Do you have Eco mode turned on?


----------



## Frodo (Sep 15, 2017)

Sure the battery doesn't last as long in my M3 as on my 6D, but that's not a reason I'd sell the camera. I spent 3 weeks walking through the Alps and couldn't rely on power, so I took 3 spare batteries. They are small and I never needed more than two in a day.
The M5 is very different to the 6D, of course, including being much smaller. I'm pleased I didn't have my 6D plus 24-105 on the hike. But the 6D is much better for events.


----------



## Jopa (Sep 15, 2017)

mazza1967 said:


> I like some of the features of Mirror system but I think the battery life for me was the Killer



No wonder. Battery life was one of the reasons I said goodbye to my a7r2.


----------



## Mt Spokane Photography (Sep 15, 2017)

So far, I've been surprised that the battery in my SL2 has been lasting so long. I was planning to buy a couple spares, but, so far, I've only recharged the battery once, maybe twice.

On the other hand, the battery that came with my 5D MK IV seems to have a short life, the second one I bought lasts longer.


----------



## AlanF (Sep 15, 2017)

bholliman said:


> AlanF said:
> 
> 
> > I just don't get more than a 100 or so shots per charge. The M5 was sent back to Canon but they sent it back the next day that it was fine.
> ...



I have 2 Canon and 2 3rd party batteries. I use eco mode and every setting I can find to lower power consumption.


----------



## KeithBreazeal (Sep 15, 2017)

The compact design of the M5 with the guts of an 80D(basically) has it's tradeoffs . Something as small as the M5 will not have room for a high capacity battery- pure fact. I bought an extra battery for mine but only used it once. Actually, I'm surprised how well it does considering how long the LCD screen stays on.


----------



## Talys (Sep 16, 2017)

KeithBreazeal said:


> The compact design of the M5 with the guts of an 80D(basically) has it's tradeoffs . Something as small as the M5 will not have room for a high capacity battery- pure fact. I bought an extra battery for mine but only used it once. Actually, I'm surprised how well it does considering how long the LCD screen stays on.



On an 80D or 6DII, 2 batteries will run an entire work day running tethered, wifi, or LCD liveview (though the LCD will annoyingly shut off), or HDMI. I always take at least three, and have never needed to go into the third unless one was accidentally half-charged.

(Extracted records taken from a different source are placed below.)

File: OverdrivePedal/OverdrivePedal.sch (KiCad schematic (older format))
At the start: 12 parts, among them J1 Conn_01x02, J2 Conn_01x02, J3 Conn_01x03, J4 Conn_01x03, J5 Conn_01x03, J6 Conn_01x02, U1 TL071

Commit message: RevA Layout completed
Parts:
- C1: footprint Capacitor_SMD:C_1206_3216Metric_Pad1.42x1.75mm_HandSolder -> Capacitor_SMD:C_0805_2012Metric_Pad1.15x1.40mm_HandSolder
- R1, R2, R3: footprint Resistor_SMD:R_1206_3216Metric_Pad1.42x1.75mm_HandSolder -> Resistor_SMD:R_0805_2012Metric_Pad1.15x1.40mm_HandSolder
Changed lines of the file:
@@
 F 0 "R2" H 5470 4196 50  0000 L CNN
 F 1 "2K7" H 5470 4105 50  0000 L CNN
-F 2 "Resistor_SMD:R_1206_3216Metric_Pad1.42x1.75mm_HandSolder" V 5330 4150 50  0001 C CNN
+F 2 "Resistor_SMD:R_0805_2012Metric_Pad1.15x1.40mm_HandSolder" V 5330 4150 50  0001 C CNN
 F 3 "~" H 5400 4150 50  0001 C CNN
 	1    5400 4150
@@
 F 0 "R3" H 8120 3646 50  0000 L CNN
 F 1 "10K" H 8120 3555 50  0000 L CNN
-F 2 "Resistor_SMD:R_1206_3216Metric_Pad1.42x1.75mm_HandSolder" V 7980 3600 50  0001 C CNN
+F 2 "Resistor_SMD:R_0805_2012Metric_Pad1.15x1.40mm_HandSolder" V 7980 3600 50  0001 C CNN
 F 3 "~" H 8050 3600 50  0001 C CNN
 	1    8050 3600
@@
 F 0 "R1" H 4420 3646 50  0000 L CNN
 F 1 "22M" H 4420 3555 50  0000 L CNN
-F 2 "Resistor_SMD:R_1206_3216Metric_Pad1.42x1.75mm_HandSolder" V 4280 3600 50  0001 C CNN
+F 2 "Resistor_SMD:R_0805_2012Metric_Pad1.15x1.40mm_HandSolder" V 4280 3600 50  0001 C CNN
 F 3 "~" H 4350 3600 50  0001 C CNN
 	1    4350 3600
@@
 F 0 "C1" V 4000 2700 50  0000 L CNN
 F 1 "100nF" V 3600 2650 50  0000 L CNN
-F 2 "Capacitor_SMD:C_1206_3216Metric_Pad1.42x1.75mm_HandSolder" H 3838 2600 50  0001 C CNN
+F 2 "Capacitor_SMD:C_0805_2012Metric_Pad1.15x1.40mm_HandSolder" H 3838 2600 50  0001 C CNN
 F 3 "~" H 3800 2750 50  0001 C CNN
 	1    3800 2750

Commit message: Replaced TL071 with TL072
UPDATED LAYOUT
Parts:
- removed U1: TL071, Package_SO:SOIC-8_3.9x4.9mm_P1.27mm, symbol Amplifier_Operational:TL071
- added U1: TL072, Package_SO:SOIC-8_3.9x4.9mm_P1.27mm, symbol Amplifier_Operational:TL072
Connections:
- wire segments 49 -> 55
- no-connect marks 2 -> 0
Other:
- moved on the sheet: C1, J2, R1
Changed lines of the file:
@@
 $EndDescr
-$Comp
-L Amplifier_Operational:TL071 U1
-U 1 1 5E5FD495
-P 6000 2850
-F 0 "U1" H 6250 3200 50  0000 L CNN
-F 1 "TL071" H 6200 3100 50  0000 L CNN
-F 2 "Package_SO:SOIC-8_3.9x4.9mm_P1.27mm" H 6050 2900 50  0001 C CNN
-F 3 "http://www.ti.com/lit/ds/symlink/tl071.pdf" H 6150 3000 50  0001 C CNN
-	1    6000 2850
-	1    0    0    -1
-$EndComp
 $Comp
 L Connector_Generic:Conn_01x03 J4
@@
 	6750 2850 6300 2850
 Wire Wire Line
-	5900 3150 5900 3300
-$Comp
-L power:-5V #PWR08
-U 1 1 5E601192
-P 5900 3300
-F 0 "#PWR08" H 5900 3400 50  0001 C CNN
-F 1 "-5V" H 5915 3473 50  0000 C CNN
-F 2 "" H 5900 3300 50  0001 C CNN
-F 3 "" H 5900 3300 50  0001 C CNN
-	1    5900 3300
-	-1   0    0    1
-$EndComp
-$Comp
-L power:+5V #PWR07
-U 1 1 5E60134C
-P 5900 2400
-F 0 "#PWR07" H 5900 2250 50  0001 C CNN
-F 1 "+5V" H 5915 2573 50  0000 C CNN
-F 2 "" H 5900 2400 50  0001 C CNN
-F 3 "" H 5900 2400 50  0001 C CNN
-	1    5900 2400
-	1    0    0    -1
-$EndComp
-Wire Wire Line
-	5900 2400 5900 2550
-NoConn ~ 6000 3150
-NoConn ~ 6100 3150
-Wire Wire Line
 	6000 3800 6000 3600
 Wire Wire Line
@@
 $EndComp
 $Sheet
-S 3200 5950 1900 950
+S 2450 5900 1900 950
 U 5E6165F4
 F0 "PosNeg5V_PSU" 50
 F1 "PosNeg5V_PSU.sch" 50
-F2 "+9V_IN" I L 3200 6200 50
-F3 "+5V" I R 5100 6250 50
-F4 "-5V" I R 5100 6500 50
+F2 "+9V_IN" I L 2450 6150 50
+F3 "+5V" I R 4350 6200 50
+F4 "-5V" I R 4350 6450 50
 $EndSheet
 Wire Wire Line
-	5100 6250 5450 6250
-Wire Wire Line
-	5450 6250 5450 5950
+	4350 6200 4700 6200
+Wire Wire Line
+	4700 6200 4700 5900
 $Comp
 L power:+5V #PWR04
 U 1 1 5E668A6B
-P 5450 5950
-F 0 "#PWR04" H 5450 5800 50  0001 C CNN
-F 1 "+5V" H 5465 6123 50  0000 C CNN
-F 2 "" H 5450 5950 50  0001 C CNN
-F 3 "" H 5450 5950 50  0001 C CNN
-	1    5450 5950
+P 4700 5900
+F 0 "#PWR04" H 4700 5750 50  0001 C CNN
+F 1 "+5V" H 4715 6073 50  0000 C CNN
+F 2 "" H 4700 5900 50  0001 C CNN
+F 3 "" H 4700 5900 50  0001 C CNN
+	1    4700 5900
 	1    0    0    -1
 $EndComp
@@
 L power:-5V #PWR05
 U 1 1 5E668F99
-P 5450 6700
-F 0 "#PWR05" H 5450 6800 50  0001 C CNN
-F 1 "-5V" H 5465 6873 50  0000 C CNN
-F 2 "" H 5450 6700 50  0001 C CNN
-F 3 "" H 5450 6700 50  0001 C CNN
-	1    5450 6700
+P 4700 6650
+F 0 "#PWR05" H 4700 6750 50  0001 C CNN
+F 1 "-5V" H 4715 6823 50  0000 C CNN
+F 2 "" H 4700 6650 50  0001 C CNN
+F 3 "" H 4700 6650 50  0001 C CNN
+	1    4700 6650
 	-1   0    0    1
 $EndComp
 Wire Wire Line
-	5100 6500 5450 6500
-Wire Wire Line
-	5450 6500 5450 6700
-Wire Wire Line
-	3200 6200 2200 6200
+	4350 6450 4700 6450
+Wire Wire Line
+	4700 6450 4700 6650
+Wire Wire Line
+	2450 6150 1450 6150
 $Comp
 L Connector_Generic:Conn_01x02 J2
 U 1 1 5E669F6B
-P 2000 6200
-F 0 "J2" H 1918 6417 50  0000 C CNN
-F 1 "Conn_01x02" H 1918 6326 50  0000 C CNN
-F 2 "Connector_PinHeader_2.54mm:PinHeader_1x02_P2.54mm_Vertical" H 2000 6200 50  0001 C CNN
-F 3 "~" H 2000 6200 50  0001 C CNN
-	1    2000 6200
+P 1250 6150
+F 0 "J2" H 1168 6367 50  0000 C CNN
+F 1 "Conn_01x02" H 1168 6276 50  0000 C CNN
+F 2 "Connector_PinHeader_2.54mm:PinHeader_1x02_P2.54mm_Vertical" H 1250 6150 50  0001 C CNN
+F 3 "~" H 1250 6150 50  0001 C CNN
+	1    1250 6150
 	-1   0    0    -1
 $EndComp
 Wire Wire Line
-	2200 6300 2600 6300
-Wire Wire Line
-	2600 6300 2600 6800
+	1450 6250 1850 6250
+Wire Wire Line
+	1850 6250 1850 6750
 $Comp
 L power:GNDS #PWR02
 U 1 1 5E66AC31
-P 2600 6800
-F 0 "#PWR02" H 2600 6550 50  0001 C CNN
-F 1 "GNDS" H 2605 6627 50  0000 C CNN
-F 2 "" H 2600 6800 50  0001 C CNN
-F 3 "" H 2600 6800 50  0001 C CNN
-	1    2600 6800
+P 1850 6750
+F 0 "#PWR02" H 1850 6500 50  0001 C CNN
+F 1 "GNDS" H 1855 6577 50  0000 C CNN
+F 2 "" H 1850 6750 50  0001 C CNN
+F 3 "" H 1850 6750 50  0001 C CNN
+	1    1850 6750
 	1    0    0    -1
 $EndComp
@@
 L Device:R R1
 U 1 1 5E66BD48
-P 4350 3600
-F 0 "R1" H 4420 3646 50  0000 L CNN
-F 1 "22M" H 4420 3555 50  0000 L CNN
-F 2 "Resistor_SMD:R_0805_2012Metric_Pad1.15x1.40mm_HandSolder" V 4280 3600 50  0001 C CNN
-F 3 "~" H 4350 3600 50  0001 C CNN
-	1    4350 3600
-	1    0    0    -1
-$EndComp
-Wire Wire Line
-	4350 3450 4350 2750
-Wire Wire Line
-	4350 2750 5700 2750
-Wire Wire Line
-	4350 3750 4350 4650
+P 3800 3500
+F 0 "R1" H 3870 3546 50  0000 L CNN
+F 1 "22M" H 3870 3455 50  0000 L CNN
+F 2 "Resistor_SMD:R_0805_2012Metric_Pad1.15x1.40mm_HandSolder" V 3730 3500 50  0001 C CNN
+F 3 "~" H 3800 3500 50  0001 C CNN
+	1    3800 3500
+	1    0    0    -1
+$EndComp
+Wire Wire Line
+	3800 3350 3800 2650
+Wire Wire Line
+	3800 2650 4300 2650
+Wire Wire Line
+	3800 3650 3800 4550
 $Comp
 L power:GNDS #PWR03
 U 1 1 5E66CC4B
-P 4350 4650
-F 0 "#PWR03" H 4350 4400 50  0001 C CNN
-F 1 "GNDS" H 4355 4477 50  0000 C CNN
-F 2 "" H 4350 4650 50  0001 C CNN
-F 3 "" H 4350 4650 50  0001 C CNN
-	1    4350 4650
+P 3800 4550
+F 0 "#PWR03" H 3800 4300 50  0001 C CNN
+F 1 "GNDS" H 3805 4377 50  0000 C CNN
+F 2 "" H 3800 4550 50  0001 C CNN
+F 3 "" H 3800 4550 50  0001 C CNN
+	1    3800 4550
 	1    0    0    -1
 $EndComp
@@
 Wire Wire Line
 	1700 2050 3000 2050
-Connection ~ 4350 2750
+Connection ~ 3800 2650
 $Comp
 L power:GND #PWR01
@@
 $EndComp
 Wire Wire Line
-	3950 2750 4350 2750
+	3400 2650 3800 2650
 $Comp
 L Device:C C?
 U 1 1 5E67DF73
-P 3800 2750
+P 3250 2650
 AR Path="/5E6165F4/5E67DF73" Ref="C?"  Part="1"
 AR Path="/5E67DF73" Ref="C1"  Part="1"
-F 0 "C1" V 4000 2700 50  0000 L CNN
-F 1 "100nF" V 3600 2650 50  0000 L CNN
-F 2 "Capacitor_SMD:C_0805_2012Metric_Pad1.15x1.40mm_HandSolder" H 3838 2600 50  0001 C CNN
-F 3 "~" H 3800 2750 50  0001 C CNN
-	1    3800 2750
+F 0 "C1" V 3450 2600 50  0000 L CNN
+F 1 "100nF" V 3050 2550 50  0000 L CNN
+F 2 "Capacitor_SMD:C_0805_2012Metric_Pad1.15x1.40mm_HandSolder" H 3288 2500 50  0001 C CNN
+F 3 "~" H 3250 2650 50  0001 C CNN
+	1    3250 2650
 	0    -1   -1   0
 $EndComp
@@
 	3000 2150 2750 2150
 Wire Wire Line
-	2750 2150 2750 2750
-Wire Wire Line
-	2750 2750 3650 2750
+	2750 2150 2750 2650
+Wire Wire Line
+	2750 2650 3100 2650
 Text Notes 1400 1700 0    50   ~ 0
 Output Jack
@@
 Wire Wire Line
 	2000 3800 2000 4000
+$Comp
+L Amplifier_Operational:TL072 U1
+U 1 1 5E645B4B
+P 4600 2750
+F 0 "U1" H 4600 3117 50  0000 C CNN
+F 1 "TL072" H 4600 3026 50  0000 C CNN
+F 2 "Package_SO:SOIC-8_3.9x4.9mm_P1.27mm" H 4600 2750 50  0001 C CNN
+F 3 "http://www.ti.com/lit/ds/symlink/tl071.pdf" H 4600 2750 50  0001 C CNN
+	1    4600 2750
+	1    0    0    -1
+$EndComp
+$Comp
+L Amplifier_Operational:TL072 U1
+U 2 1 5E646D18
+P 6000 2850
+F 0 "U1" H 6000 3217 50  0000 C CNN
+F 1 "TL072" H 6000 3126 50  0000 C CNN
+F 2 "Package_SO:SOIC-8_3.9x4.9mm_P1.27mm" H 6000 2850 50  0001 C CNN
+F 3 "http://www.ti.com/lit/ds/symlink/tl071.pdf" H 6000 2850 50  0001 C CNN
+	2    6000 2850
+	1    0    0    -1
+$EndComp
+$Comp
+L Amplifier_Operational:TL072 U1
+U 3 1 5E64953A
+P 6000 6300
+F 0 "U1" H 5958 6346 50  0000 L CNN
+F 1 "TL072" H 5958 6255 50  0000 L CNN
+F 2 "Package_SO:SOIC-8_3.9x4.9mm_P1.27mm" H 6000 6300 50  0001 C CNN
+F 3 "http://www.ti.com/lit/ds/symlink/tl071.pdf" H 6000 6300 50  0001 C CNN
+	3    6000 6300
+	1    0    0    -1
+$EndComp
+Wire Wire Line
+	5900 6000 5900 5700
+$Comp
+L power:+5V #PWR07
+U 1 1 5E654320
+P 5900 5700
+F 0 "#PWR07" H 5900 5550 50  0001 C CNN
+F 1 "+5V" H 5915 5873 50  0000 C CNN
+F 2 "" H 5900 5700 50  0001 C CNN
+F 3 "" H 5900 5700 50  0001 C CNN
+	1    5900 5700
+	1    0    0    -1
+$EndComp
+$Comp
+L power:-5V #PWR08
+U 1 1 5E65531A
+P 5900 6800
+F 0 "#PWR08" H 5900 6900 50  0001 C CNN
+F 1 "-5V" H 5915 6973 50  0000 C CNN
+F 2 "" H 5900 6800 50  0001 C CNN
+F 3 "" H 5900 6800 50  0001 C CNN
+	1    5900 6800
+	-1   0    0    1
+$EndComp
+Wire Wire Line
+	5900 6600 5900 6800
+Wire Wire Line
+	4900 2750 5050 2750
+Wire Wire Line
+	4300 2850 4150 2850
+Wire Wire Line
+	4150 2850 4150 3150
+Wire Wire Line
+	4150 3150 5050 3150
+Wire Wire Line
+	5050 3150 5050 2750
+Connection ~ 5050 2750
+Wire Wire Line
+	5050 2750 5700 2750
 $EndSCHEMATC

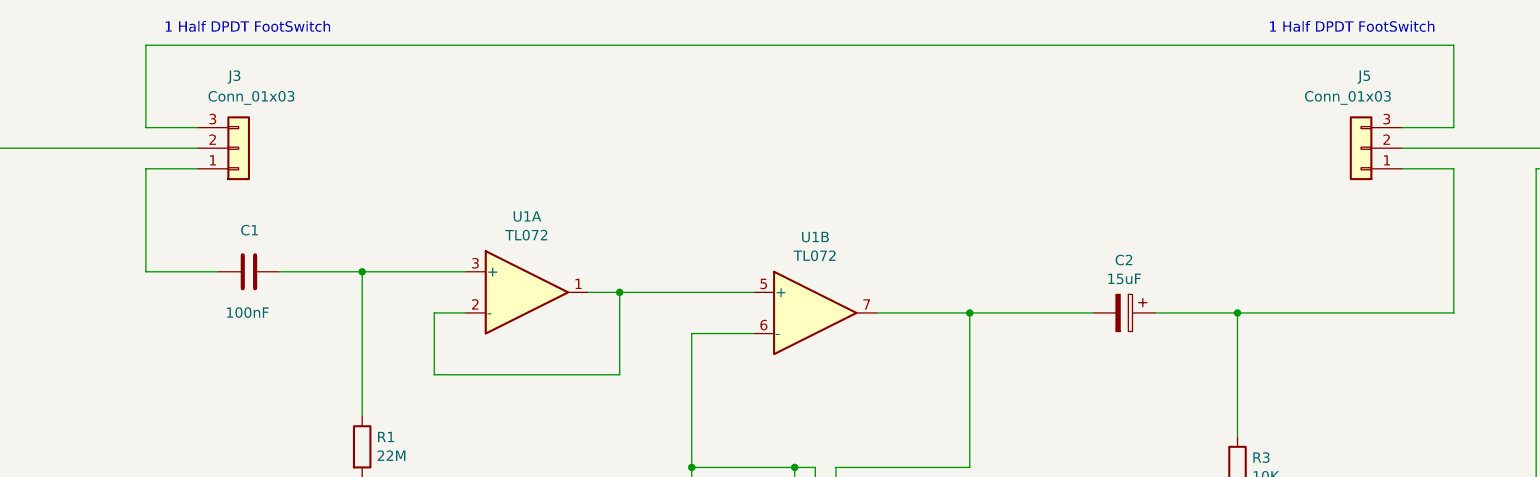
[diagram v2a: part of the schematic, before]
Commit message: Tested RevA Layout
- Removed AC coupling caps
- Reversed Switch connector
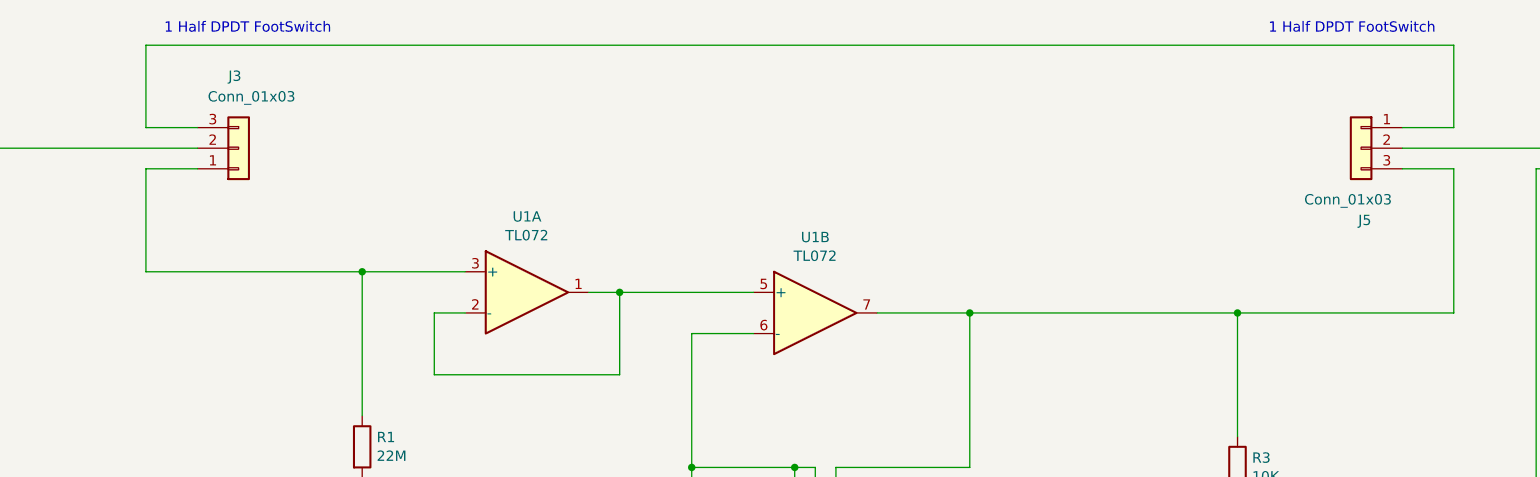
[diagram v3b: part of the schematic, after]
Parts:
- removed C1: 100nF, Capacitor_SMD:C_0805_2012Metric_Pad1.15x1.40mm_HandSolder, symbol Device:C
- removed C2: 15uF, Capacitor_SMD:CP_Elec_4x5.7, symbol Device:CP
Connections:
- net at J4.1 (Pin_1), U1.7: now also J5.3 (Pin_3), R3.1
- net at J5.1 (Pin_1): now also J3.3 (Pin_3); no longer R3.1
- net at R1.1, U1.3 (+): now also J3.1 (Pin_1)
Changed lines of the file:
@@
 	1    0    0    -1
 $EndComp
-$Comp
-L Device:CP C2
-U 1 1 5E603004
-P 7500 2850
-F 0 "C2" V 7245 2850 50  0000 C CNN
-F 1 "15uF" V 7336 2850 50  0000 C CNN
-F 2 "Capacitor_SMD:CP_Elec_4x5.7" H 7538 2700 50  0001 C CNN
-F 3 "~" H 7500 2850 50  0001 C CNN
-	1    7500 2850
-	0    1    1    0
-$EndComp
-Wire Wire Line
-	7350 2850 6750 2850
 Connection ~ 6750 2850
 $Comp
@@
 Wire Wire Line
 	8050 3450 8050 2850
-Wire Wire Line
-	8050 2850 7650 2850
 Wire Wire Line
 	8050 3750 8050 4650
@@
 	1    0    0    -1
 $EndComp
-Wire Wire Line
-	3400 2650 3800 2650
-$Comp
-L Device:C C?
-U 1 1 5E67DF73
-P 3250 2650
-AR Path="/5E6165F4/5E67DF73" Ref="C?"  Part="1"
-AR Path="/5E67DF73" Ref="C1"  Part="1"
-F 0 "C1" V 3450 2600 50  0000 L CNN
-F 1 "100nF" V 3050 2550 50  0000 L CNN
-F 2 "Capacitor_SMD:C_0805_2012Metric_Pad1.15x1.40mm_HandSolder" H 3288 2500 50  0001 C CNN
-F 3 "~" H 3250 2650 50  0001 C CNN
-	1    3250 2650
-	0    -1   -1   0
-$EndComp
 $Comp
 L Connector_Generic:Conn_01x03 J5
@@
 F 3 "~" H 8650 2050 50  0001 C CNN
 	1    8650 2050
-	-1   0    0    1
+	-1   0    0    -1
 $EndComp
 Wire Wire Line
@@
 Wire Wire Line
 	2750 2150 2750 2650
-Wire Wire Line
-	2750 2650 3100 2650
 Text Notes 1400 1700 0    50   ~ 0
 Output Jack
@@
 Wire Wire Line
 	5050 2750 5700 2750
+Wire Wire Line
+	2750 2650 3800 2650
+Wire Wire Line
+	6750 2850 8050 2850
 $EndSCHEMATC

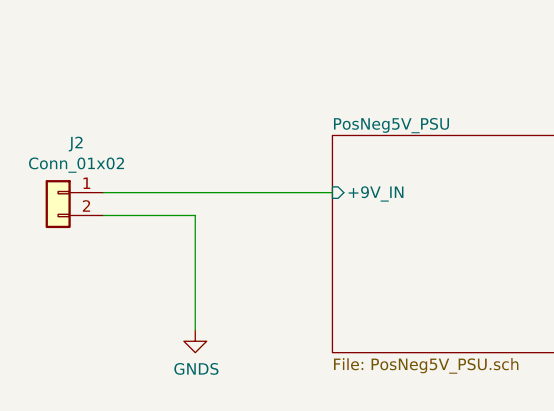
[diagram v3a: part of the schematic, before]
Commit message: changed polarity protection mosfet to schotky diode
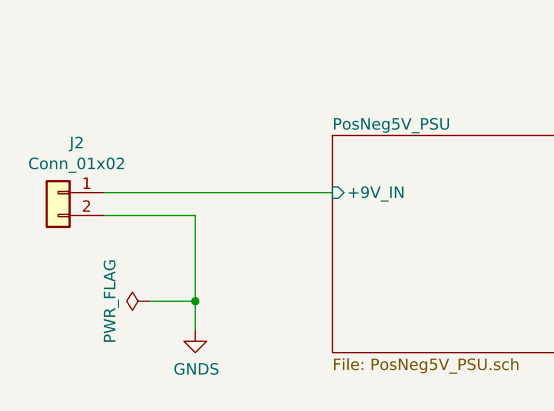
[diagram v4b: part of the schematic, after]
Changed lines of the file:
@@
 	1450 6250 1850 6250
 Wire Wire Line
-	1850 6250 1850 6750
+	1850 6250 1850 6625
 $Comp
 L power:GNDS #PWR02
@@
 Wire Wire Line
 	6750 2850 8050 2850
+$Comp
+L power:PWR_FLAG #FLG?
+U 1 1 5F657D2F
+P 1650 6625
+AR Path="/5E6165F4/5F657D2F" Ref="#FLG?"  Part="1"
+AR Path="/5F657D2F" Ref="#FLG0101"  Part="1"
+F 0 "#FLG0101" H 1650 6700 50  0001 C CNN
+F 1 "PWR_FLAG" H 1650 6798 50  0000 C CNN
+F 2 "" H 1650 6625 50  0001 C CNN
+F 3 "~" H 1650 6625 50  0001 C CNN
+	1    1650 6625
+	0    -1   -1   0
+$EndComp
+Wire Wire Line
+	1650 6625 1850 6625
+Connection ~ 1850 6625
+Wire Wire Line
+	1850 6625 1850 6750
 $EndSCHEMATC

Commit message: updates
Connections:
- net GND is gone; now on net GNDS: J1.2 (Pin_2)
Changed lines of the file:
@@
 	1700 2050 3000 2050
 Connection ~ 3800 2650
-$Comp
-L power:GND #PWR01
-U 1 1 5E6781D9
-P 2000 4000
-F 0 "#PWR01" H 2000 3750 50  0001 C CNN
-F 1 "GND" H 2005 3827 50  0000 C CNN
-F 2 "" H 2000 4000 50  0001 C CNN
-F 3 "" H 2000 4000 50  0001 C CNN
-	1    2000 4000
-	1    0    0    -1
-$EndComp
 Wire Wire Line
 	9600 2150 9500 2150
@@
 	1700 2150 2000 2150
 Wire Wire Line
-	2000 2150 2000 3800
-Wire Wire Line
 	3000 2150 2750 2150
 Wire Wire Line
@@
 Text Notes 1400 1700 0    50   ~ 0
 Output Jack
-$Comp
-L power:PWR_FLAG #FLG0103
-U 1 1 5E6CB28C
-P 2350 4000
-F 0 "#FLG0103" H 2350 4075 50  0001 C CNN
-F 1 "PWR_FLAG" H 2350 4173 50  0000 C CNN
-F 2 "" H 2350 4000 50  0001 C CNN
-F 3 "~" H 2350 4000 50  0001 C CNN
-	1    2350 4000
-	-1   0    0    1
-$EndComp
-Wire Wire Line
-	2350 4000 2350 3800
-Wire Wire Line
-	2350 3800 2000 3800
-Connection ~ 2000 3800
-Wire Wire Line
-	2000 3800 2000 4000
 $Comp
 L Amplifier_Operational:TL072 U1
@@
 Wire Wire Line
 	1850 6625 1850 6750
+$Comp
+L power:GNDS #PWR0101
+U 1 1 5F65FB73
+P 2000 4000
+F 0 "#PWR0101" H 2000 3750 50  0001 C CNN
+F 1 "GNDS" H 2005 3827 50  0000 C CNN
+F 2 "" H 2000 4000 50  0001 C CNN
+F 3 "" H 2000 4000 50  0001 C CNN
+	1    2000 4000
+	1    0    0    -1
+$EndComp
+Wire Wire Line
+	2000 2150 2000 4000
 $EndSCHEMATC

When the battery starts flashing low power, I can probably still get 100 pictures off  I shot for 2 hours after work today, on the lake, and took at least a couple hundred photos on the last bar of battery (almost no liveview or LCD). I had a spare, but never had to crack it open.


----------



## neuroanatomist (Sep 16, 2017)

Has anyone compared Eco Mode vs not? Heading to Italy for a few days with my M6, will bring two charged batteries, but need to decide whether or not to pack the charger. It'll be my daytime/backup camera, as I'll have my 1D X along (and I know one fully charged battery will be sufficient, I won't even bother with the second battery, much less the charger).


----------



## dcm (Sep 16, 2017)

Like the original M, one of the biggest battery savers is to turn Continuous AF off.


----------



## Act444 (Sep 16, 2017)

Don't know about the M5, but 2 batteries has been often enough for me for a day's shooting with the M6 (as well as the M I had before). In my experience, unless I have the LCD continuously on, even one battery is enough from time to time. 

I do turn continuous focus and AI Servo off (two major battery drains).


----------



## [email protected] (Sep 16, 2017)

I sold my M5 a few months ago too. I still like the camera, but it still felt laggy to me. Like it was one generation away from being as snappy as an slr. The big reason, though, is that I went all full frame by selling all my aps-c glass. When they come out with a full frame mirrorless, I'll be sniffing around.


----------



## AlanF (Sep 16, 2017)

Act444 said:


> Don't know about the M5, but 2 batteries has been often enough for me for a day's shooting with the M6 (as well as the M I had before). In my experience, unless I have the LCD continuously on, even one battery is enough from time to time.
> 
> I do turn continuous focus and AI Servo off (two major battery drains).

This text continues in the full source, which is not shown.